3. Schema evolution (existing tenants)

3.1 Approach

  • Per-tenant migrations are versioned per-tenant in payments_central.tenant_migrations(tenant_id, version, applied_at).
  • Deploy applies the latest schema to all tenants in batches of 50 in parallel, with a 30-second timeout per tenant.
  • Failed applications are retried automatically up to 3 times; remaining failures are surfaced via P2 alert and resumed via payments-admin-cli migrate-tenant <id>.
  • Any migration introducing a column with a non-null default uses the expand-then-migrate-then-contract pattern over multiple deploys.

3.2 Backward compatibility rules

  • New columns must be nullable or have defaults; never NOT NULL without default.
  • Renames are forbidden in a single deploy; always add new column → backfill → swap reads → deprecate old.
  • Index creation uses CONCURRENTLY to avoid table locks.

3.3 Read traffic during migration

  • API stays online; ORM models are tolerant of unknown columns and missing-but-optional columns.
  • Drizzle migrations are dry-run in staging against a snapshot of production tenants.

4. Vendor adapter additions

When introducing a new processor (e.g., Adyen):

  1. Implement AdyenAdapter implements PaymentPort (full unit + contract tests in CI).
  2. Add adyen to the processor enum check on relevant tables (tnt_<id>.transactions.processor etc.).
  3. Provision sandbox vendor credentials per tenant who opts in (precedence default 200, off until tenant flips a flag).
  4. Roll out to 1 pilot tenant; canary for 7 days; promote to all opt-ins.
  5. Add canary cron and dashboard panels.

5. Tenant offboarding

  1. Tenant submits deletion request via tenant-service.
  2. tenant-service checks with payment-gateway-service for non-terminal transactions; if any, deletion is paused.
  3. Soft-delete window of 30 days begins. During this period:
    • No new authorize/capture allowed.
    • Refunds and webhook ingestion continue.
    • Operators can run final reconciliation.
  4. After 30 days:
    • payments-admin-cli offboard-tenant <id> runs.
    • Schema dropped after final snapshot to GCS Coldline (7-year retention per legal hold).
    • Secret Manager entries scheduled for secrets:destroy (24 h grace).
    • Row in tenant_schema_registry set to archived_at = now().
  5. Webhook-inbox rows for the tenant are anonymized (tenant_id = NULL) and retained 90 days for fraud forensics.

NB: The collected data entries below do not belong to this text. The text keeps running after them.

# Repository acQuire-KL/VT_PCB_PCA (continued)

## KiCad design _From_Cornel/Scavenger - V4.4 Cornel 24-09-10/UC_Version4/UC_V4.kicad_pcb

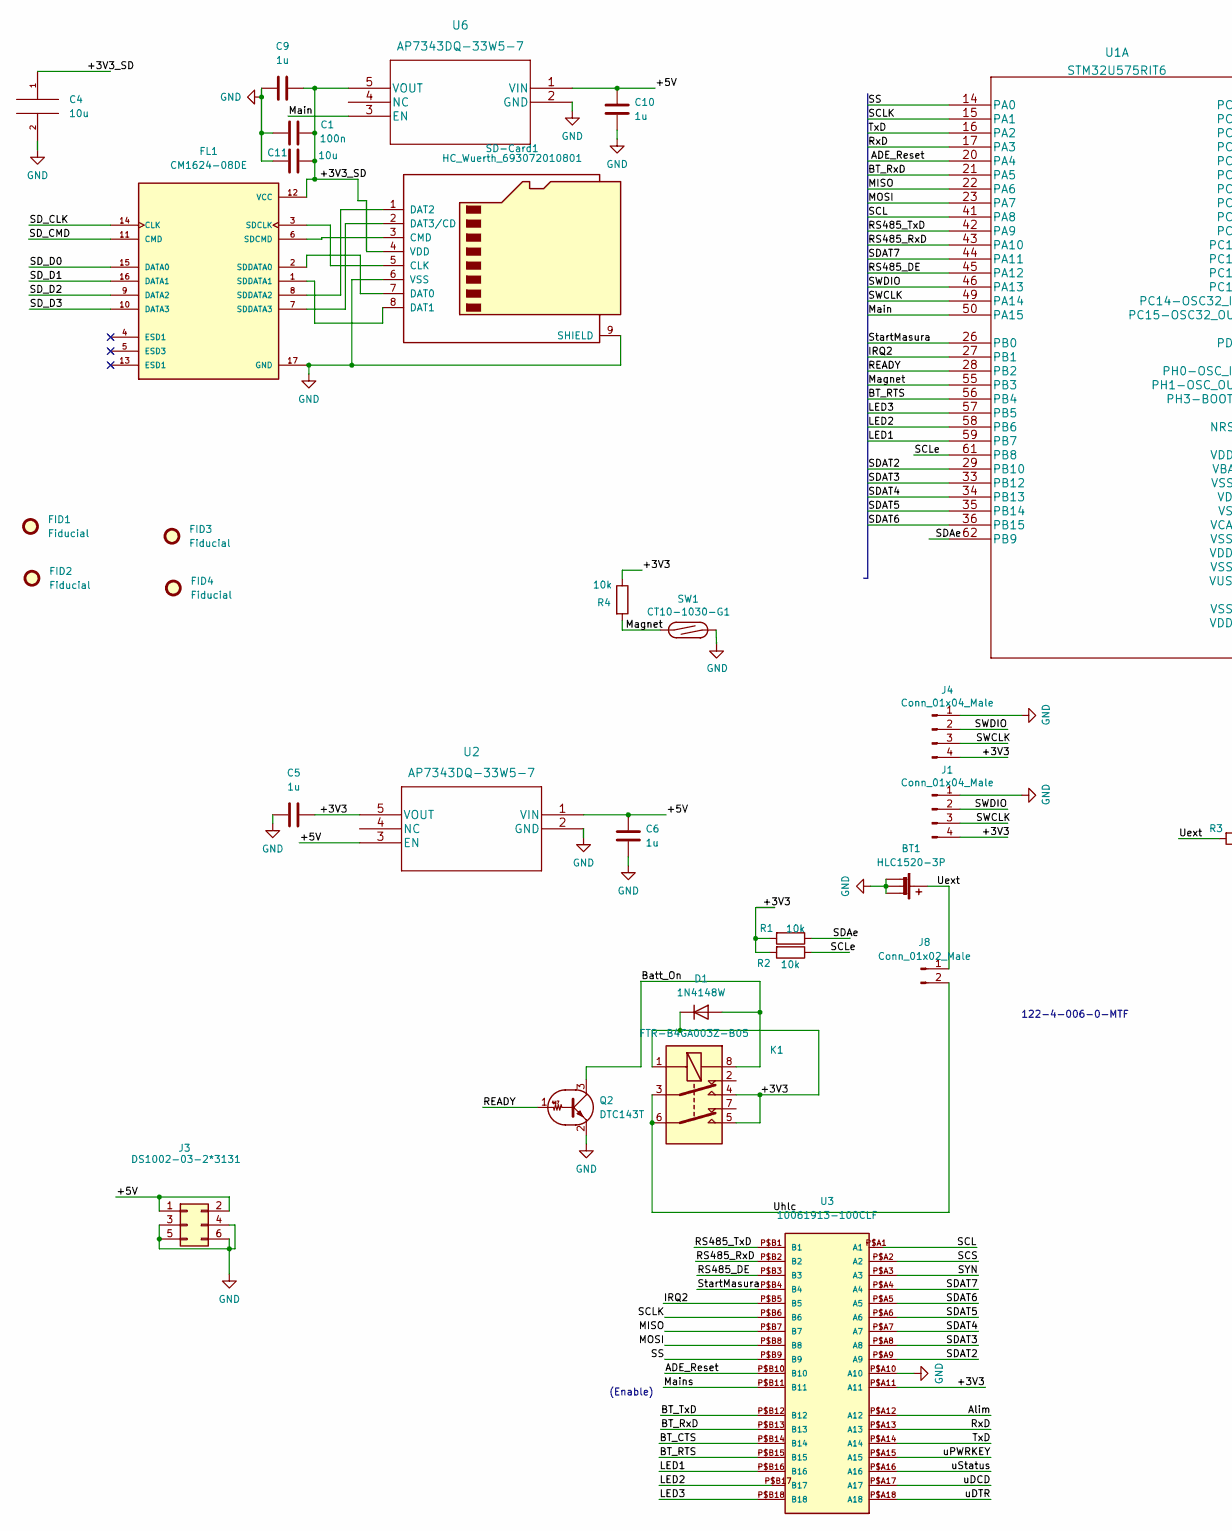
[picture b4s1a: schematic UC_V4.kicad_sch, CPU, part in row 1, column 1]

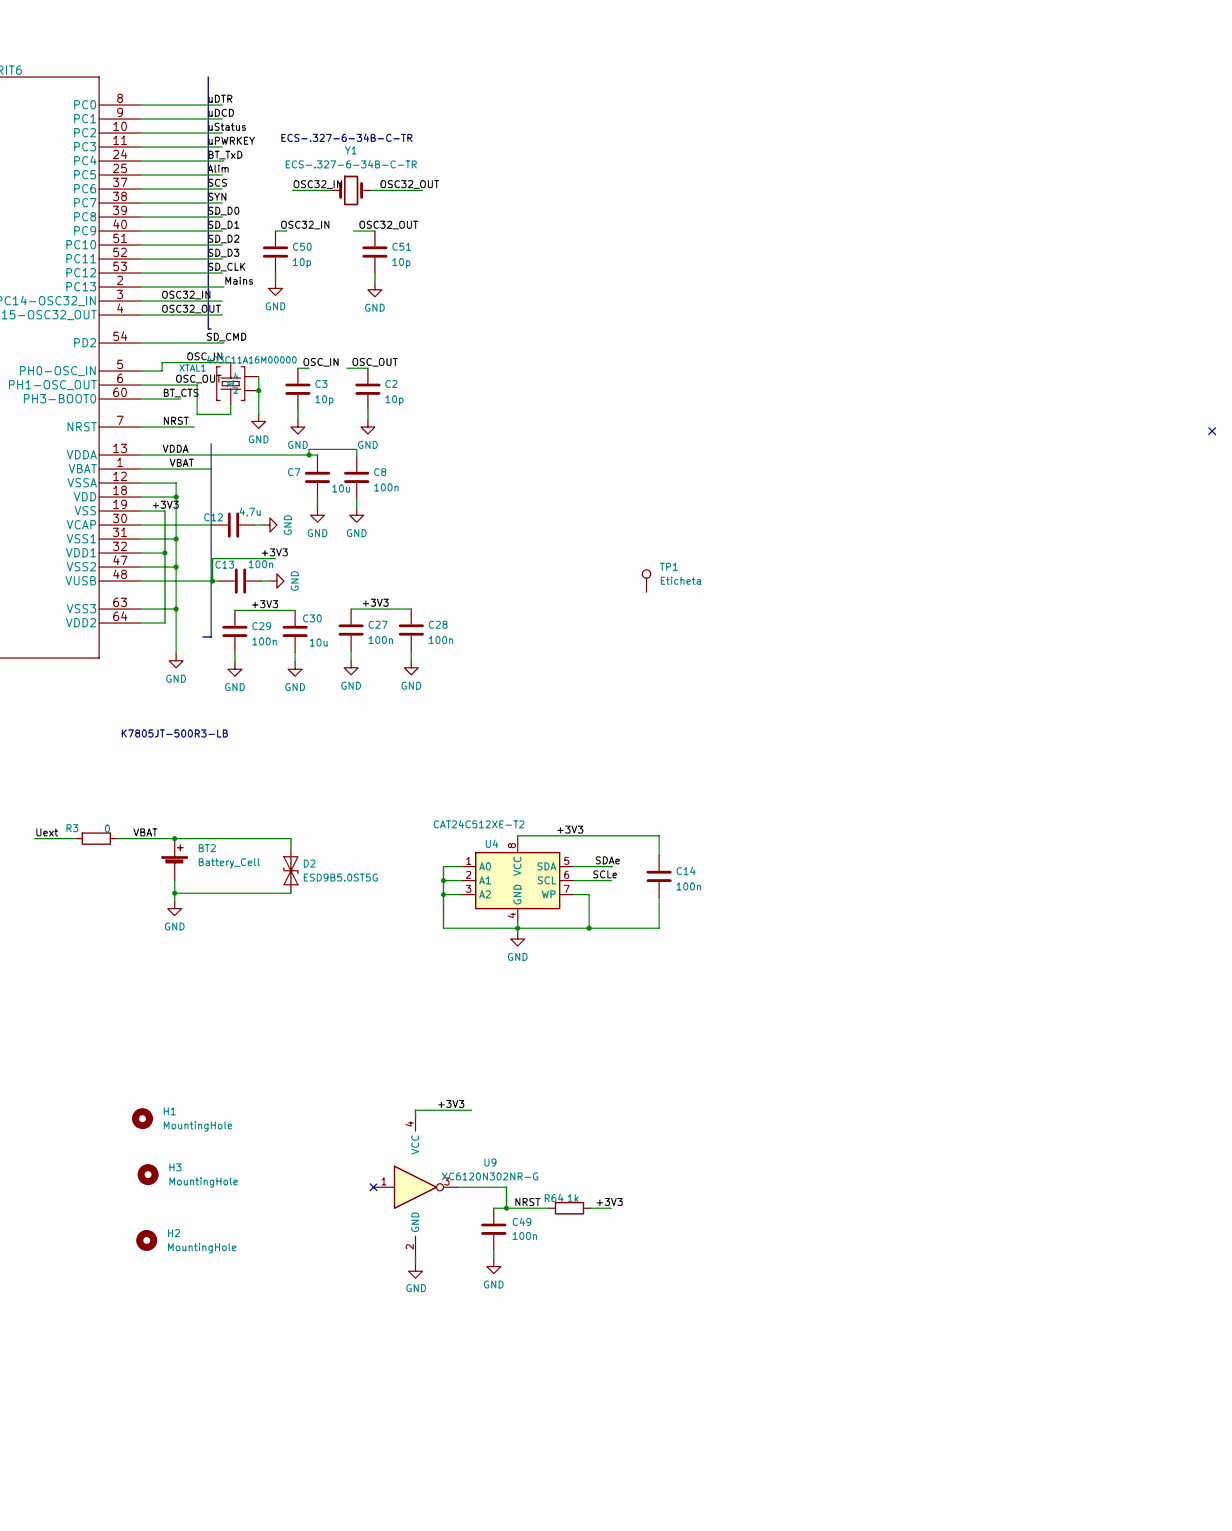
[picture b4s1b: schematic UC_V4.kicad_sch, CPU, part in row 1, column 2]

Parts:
BT1: HLC1520-3P
BT2: Battery_Cell; BatteryHolder_Keystone_3002_1x2032
C1, C8, C13, C14, C27, C28, C29, C49: 100n; C_0603_1608Metric
C2, C3, C50, C51: 10p; C_0603_1608Metric
C4, C7, C11, C30: 10u; C_1206_3216Metric
C5, C6, C9, C10: 1u; C_0603_1608Metric
C12: 4,7u; C_1206_3216Metric
D1: 1N4148W; D_SOD-123
D2: ESD9B5.0ST5G; SOD-923_ONS
FID1, FID2, FID3, FID4: Fiducial; Fiducial_1mm_Mask2mm
FL1: CM1624-08DE; FIL_CM1624; PARTREV 4
H1, H2, H3: MountingHole; MountingHole_3.2mm_Simpla
J1: Conn_01x04_Male; A_PinHeader_1x04_P2.54mm_Test
J3: DS1002-03-2*3131; PinSocket_2x03_P2.54mm_Vertical
J4: Conn_01x04_Male; PinHeader_1x04_P2.54mm_Vertical
J8: Conn_01x02_Male; PinHeader_1x02_P2.54mm_Vertical
K1: FTR-B4GA003Z-B05; Relay_Fujitsu_FTR-B4GA003
Q2: DTC143T; SOT-23
R1, R2, R4: 10k; R_0603_1608Metric
R3: 0; R_0603_1608Metric
R64: 1k; R_0603_1608Metric
SD-Card1: HC_Wuerth_693072010801; microSD_HC_Wuerth_693072010801
SW1: CT10-1030-G1; SW_SPST_REED_CT10-XXXX-G1
TP1: Eticheta
U1: STM32U575RIT6; LQFP-64_10x10mm_P0.5mm
U2, U6: AP7343DQ-33W5-7; AP3012KTR-G1
U3: 10061913-100CLF; MPN 10061913-100CLF
U4: CAT24C512XE-T2; SO-8_3.9x4.9mm_P1.27mm
U9: XC6120N302NR-G; SC-82AA
XTAL1: 403C11A16M00000; Crystal_SMD_SeikoEpson_TSX3225-4Pin_3.2x2.5mm
Y1: ECS-.327-6-34B-C-TR; Crystal_SMD_EuroQuartz_EQ161-2Pin_3.2x1.5mm

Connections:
/+3V3: C5.2, C13.1, C14.1, C27.1, C28.1, C29.1, C30.1, D1.1 (K), J1.4, J4.4, K1.1, K1.4, K1.5, R1.2, R2.2, R4.1, R64.1, U1.19 (VSS), U1.32 (VDD1), U1.48 (VUSB), U1.64 (VDD2), U2.5 (VOUT), U3.P$A11 (A11), U4.8 (VCC), U9.4 (VCC)
/+3V3_SD: C1.2, C4.1, C9.2, C11.2, FL1.12 (VCC), SD-Card1.4 (VDD), U6.5 (VOUT)
/+5V: C6.1, C10.1, J3.1, J3.2, U2.1 (VIN), U2.3 (EN), U6.1 (VIN)
/ADE_Reset: U1.20 (PA4), U3.P$B10 (B10)
/Alim: U1.25 (PC5), U3.P$A12 (A12)
/BT_CTS: U1.60 (PH3-BOOT0), U3.P$B14 (B14)
/BT_RTS: U1.56 (PB4), U3.P$B15 (B15)
/BT_RxD: U1.21 (PA5), U3.P$B13 (B13)
/BT_TxD: U1.24 (PC4), U3.P$B12 (B12)
/Batt_On: D1.2 (A), K1.8, Q2.3 (C)
/IRQ2: U1.27 (PB1), U3.P$B5 (B5)
/LED1: U1.59 (PB7), U3.P$B16 (B16)
/LED2: U1.58 (PB6), U3.P$B17 (B17)
/LED3: U1.57 (PB5), U3.P$B18 (B18)
/MISO: U1.22 (PA6), U3.P$B7 (B7)
/MOSI: U1.23 (PA7), U3.P$B8 (B8)
/Magnet: R4.2, SW1.1, U1.55 (PB3)
/Main: U1.50 (PA15), U6.3 (EN)
/Mains: U1.2 (PC13), U3.P$B11 (B11)
/NRST: C49.1, R64.2, U1.7 (NRST), U9.3
/OSC32_IN: C50.1, U1.3 (PC14-OSC32_IN), Y1.1
/OSC32_OUT: C51.1, U1.4 (PC15-OSC32_OUT), Y1.2
/OSC_IN: C3.1, U1.5 (PH0-OSC_IN), XTAL1.3
/OSC_OUT: C2.1, U1.6 (PH1-OSC_OUT), XTAL1.1
/READY: Q2.1 (B), U1.28 (PB2)
/RS485_DE: U1.45 (PA12), U3.P$B3 (B3)
/RS485_RxD: U1.43 (PA10), U3.P$B2 (B2)
/RS485_TxD: U1.42 (PA9), U3.P$B1 (B1)
/RxD: U1.17 (PA3), U3.P$A13 (A13)
/SCL: U1.41 (PA8), U3.P$A1 (A1)
/SCLK: U1.15 (PA1), U3.P$B6 (B6)
/SCLe: R2.1, U1.61 (PB8), U4.6 (SCL)
/SCS: U1.37 (PC6), U3.P$A2 (A2)
/SDAT2: U1.29 (PB10), U3.P$A9 (A9)
/SDAT3: U1.33 (PB12), U3.P$A8 (A8)
/SDAT4: U1.34 (PB13), U3.P$A7 (A7)
/SDAT5: U1.35 (PB14), U3.P$A6 (A6)
/SDAT6: U1.36 (PB15), U3.P$A5 (A5)
/SDAT7: U1.44 (PA11), U3.P$A4 (A4)
/SDAe: R1.1, U1.62 (PB9), U4.5 (SDA)
/SD_CLK: FL1.14 (CLK), U1.53 (PC12)
/SD_CMD: FL1.11 (CMD), U1.54 (PD2)
/SD_D0: FL1.15 (DATA0), U1.39 (PC8)
/SD_D1: FL1.16 (DATA1), U1.40 (PC9)
/SD_D2: FL1.9 (DATA2), U1.51 (PC10)
/SD_D3: FL1.10 (DATA3), U1.52 (PC11)
/SS: U1.14 (PA0), U3.P$B9 (B9)
/SWCLK: J1.3, J4.3, U1.49 (PA14)
/SWDIO: J1.2, J4.2, U1.46 (PA13)
/SYN: U1.38 (PC7), U3.P$A3 (A3)
/StartMasura: U1.26 (PB0), U3.P$B4 (B4)
/TxD: U1.16 (PA2), U3.P$A14 (A14)
/Uext: BT1.1 (+), J8.1, R3.2
/Uhlc: J8.2, K1.3, K1.6
/VBAT: BT2.1 (+), D2.2 (A2), R3.1, U1.1 (VBAT)
/VDDA: C7.1, C8.1, U1.13 (VDDA)
/uDCD: U1.9 (PC1), U3.P$A17 (A17)
/uDTR: U1.8 (PC0), U3.P$A18 (A18)
/uPWRKEY: U1.11 (PC3), U3.P$A15 (A15)
/uStatus: U1.10 (PC2), U3.P$A16 (A16)
GND: BT1.2 (-), BT1.3 (-), BT1.4 (-), BT2.2 (-), C1.1, C2.2, C3.2, C4.2, C5.1, C6.2, C7.2, C8.2, C9.1, C10.2, C11.1, C12.2, C13.2, C14.2, C27.2, C28.2, C29.2, C30.2, C49.2, C50.2, C51.2, D2.1 (A1), FL1.17 (GND), J1.1, J3.3, J3.4, J3.5, J3.6, J4.1, Q2.2 (E), SD-Card1.6 (VSS), SD-Card1.9 (SHIELD), SW1.2, U1.12 (VSSA), U1.18 (VDD), U1.31 (VSS1), U1.47 (VSS2), U1.63 (VSS3), U2.2 (GND), U3.P$A10 (A10), U4.1 (A0), U4.2 (A1), U4.3 (A2), U4.4 (GND), U4.7 (WP), U6.2 (GND), U9.2 (GND), XTAL1.2, XTAL1.4
unnamed: C12.1, U1.30 (VCAP)
unnamed: FL1.1 (SDDATA1), SD-Card1.8 (DAT1)
unnamed: FL1.2 (SDDATA0), SD-Card1.7 (DAT0)
unnamed: FL1.3 (SDCLK), SD-Card1.5 (CLK)
unnamed: FL1.6 (SDCMD), SD-Card1.3 (CMD)
unnamed: FL1.7 (SDDATA3), SD-Card1.2 (DAT3/CD)
unnamed: FL1.8 (SDDATA2), SD-Card1.1 (DAT2)

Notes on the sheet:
ECS-.327-6-34B-C-TR
K7805JT-500R3-LB
(Enable)
122-4-006-0-MTF

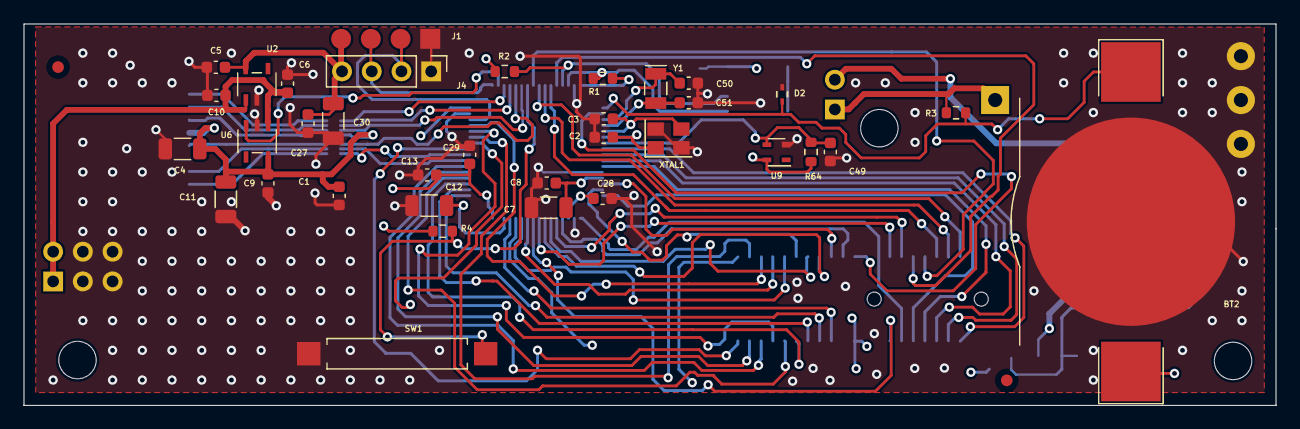
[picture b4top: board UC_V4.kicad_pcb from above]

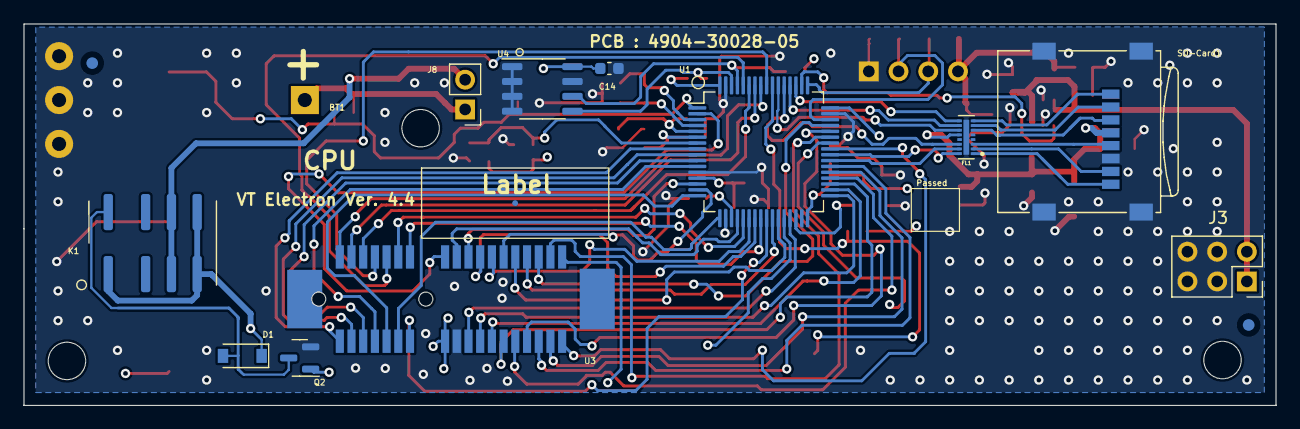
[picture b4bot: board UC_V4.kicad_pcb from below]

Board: 4 copper layers, 107.0 x 32.6 mm, 55 parts (13 on the bottom side), 68 nets.

6. Disaster-driven re-platforming

Should a future ADR replace Cloud SQL with another database (e.g., AlloyDB), the migration approach is:

  1. Stand up the new platform alongside.
  2. Use logical replication for per-tenant schemas in batches.
  3. Cut writes per tenant during a defined low-traffic window.
  4. Validate row counts and outstanding transactions match.
  5. Swap connection strings in ConfigMap.
  6. Monitor; rollback by reverting ConfigMap (replication still running in reverse).

7. Documentation & sign-off

Every migration plan in production must be:

  • Linked to a Linear/Jira ticket with run sheet and rollback plan.
  • Reviewed by SecOps (PCI impact), SRE (downtime impact), and the service owner.
  • Recorded in the platform change log.

The first cutover and the first three tenant onboardings will be paired-operations (two engineers minimum, one as observer).